Historian H R Gupta in his book, "A history of the Sikhs," writes "Nothing could surpass the daring, the dogged tenacity and invincible fortitude of the Sikhs who held themselves with their exposed flanks and open rear."

Now a memorial is coming up at Rohira in the memory of the martyrs of Vadda Ghallughara. People living in the area are a proud lot as their land had made immense sacrifices in keeping foreign invaders away, said Darshan Singh, a resident of Kup, while adding that, "It is good that a memorial is coming up to remind the coming generations about the valiant struggles of the Sikhs."

Punjab chief minister Parkash Singh Badal had laid the foundation stone of the memorial in 2009 at Kutba but it was shifted to Rohira, the following year when SAD president Sukhbir Badal laid the stone there on October 18, 2010. However, the memorial spread across 10 acres of land at Rohira that is being built at a cost of Rs. 12 crore is far from ready.

Moreover, the fact that it is coming up at Rohira has not gone down well with the Kutba residents. "We are feeling cheated as our village has been ignored and the memorial is coming up at Rohira despite Badal, SGPC president Avtar Singh Makkar and former president of the Sikh body Bibi Jagir Kaur laying stones at different times at Kutba", rued Nirmal Singh, member, Kutba Ghallughara Yadgari Gurdwara Committee. Mukhtiar Singh, a villager said angrily, "If the memorial was to be built at Rohira, then why did Badal fool people by laying the foundation stone here?"

Holy bir still intact

A hand-written bir of Guru Granth Sahib kept at Kuthala village's gurdwara is still intact even after 250 years. The holy book was said to have been taken to Kuthala, when Ahmed Shah Abdali's forces were killing Sikhs. The bir was brought to the village by Baba Sudha Singh and since then it has been kept at the Kuthala gurdwara, informed Paramjit Singh Kuthala, a villager.

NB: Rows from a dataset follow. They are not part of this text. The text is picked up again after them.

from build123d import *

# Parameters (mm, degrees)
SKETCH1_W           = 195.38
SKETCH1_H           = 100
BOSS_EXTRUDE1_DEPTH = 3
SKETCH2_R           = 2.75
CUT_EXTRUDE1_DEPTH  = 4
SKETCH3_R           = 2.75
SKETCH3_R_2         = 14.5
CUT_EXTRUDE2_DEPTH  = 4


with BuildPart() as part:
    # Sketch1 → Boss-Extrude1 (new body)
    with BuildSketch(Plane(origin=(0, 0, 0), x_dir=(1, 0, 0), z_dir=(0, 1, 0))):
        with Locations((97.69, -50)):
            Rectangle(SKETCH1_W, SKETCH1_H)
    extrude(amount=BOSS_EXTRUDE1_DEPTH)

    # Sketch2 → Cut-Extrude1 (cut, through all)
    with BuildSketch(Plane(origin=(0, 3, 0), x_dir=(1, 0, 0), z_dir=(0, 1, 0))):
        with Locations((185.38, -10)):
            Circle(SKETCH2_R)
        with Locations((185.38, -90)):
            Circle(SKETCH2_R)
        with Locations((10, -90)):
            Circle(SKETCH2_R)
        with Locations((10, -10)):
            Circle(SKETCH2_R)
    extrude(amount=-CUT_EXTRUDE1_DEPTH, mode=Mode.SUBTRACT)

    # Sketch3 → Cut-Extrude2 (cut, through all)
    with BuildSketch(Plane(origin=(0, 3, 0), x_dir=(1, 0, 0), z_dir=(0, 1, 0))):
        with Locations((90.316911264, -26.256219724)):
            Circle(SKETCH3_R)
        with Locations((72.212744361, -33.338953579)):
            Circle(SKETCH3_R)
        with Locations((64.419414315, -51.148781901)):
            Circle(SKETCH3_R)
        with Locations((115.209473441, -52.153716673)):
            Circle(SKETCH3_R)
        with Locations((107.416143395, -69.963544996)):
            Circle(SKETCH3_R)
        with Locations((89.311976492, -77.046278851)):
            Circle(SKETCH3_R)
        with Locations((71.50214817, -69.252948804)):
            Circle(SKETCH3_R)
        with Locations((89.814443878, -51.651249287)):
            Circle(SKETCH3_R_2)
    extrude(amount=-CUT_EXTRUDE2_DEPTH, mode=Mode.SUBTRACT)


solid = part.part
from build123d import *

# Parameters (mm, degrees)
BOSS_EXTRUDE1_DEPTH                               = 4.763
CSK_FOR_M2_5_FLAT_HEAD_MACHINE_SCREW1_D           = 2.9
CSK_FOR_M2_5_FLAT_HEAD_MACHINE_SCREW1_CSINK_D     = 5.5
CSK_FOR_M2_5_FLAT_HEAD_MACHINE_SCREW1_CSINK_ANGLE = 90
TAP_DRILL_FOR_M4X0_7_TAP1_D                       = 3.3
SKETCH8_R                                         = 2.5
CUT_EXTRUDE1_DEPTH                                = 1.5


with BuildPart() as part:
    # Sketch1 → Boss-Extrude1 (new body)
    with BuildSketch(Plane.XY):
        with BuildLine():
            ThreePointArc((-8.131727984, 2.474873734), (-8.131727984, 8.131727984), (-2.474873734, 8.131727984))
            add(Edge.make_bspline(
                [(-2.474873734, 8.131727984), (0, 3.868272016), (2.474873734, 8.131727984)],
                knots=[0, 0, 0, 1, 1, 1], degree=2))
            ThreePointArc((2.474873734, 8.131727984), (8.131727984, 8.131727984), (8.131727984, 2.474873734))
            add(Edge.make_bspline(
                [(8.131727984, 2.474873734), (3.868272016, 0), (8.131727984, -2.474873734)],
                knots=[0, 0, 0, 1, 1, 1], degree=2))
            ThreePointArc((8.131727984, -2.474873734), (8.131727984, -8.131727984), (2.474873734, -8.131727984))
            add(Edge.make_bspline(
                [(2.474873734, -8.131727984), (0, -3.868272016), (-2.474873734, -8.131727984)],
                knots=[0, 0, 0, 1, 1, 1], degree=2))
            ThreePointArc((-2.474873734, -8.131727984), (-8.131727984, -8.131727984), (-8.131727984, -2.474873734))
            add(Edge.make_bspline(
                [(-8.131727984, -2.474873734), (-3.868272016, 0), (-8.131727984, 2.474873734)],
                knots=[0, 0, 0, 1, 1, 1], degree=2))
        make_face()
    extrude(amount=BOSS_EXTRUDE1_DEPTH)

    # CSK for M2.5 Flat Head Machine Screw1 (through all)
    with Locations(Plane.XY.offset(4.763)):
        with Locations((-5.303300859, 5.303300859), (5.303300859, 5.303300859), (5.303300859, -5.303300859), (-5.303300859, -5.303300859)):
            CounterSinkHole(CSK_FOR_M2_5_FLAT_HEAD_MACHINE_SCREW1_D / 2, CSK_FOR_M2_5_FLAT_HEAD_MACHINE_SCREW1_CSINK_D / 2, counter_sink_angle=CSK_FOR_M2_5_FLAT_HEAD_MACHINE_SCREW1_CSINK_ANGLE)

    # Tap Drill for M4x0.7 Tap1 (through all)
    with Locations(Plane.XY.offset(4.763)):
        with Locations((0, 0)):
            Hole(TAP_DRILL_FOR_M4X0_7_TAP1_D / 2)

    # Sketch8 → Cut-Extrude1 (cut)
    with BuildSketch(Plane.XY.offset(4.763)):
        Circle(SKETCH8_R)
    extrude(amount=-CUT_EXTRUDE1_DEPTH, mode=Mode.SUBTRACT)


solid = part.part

It is said that the tenth Sikh master Guru Gobind Singh had got five birs written at Damdama Sahib. The bani (writings) of the ninth Sikh master Guru Tegh Bahadur were incorporated in these birs. These five birs were given to different jathas (groups) of Sikhs by Guru Gobind Singh to be safely installed. One bir was being taken by Sudha Singh who was leading a jatha of 19 Sikhs, when Abdali' forces stormed Kup-Rohira and killed thousands of Sikhs. "Though all 19 Sikhs were massacred by Abdali, Sudha Singh somehow brought the bir to Kuthala. Since then it has been kept at village gurdwara", said Paramjit.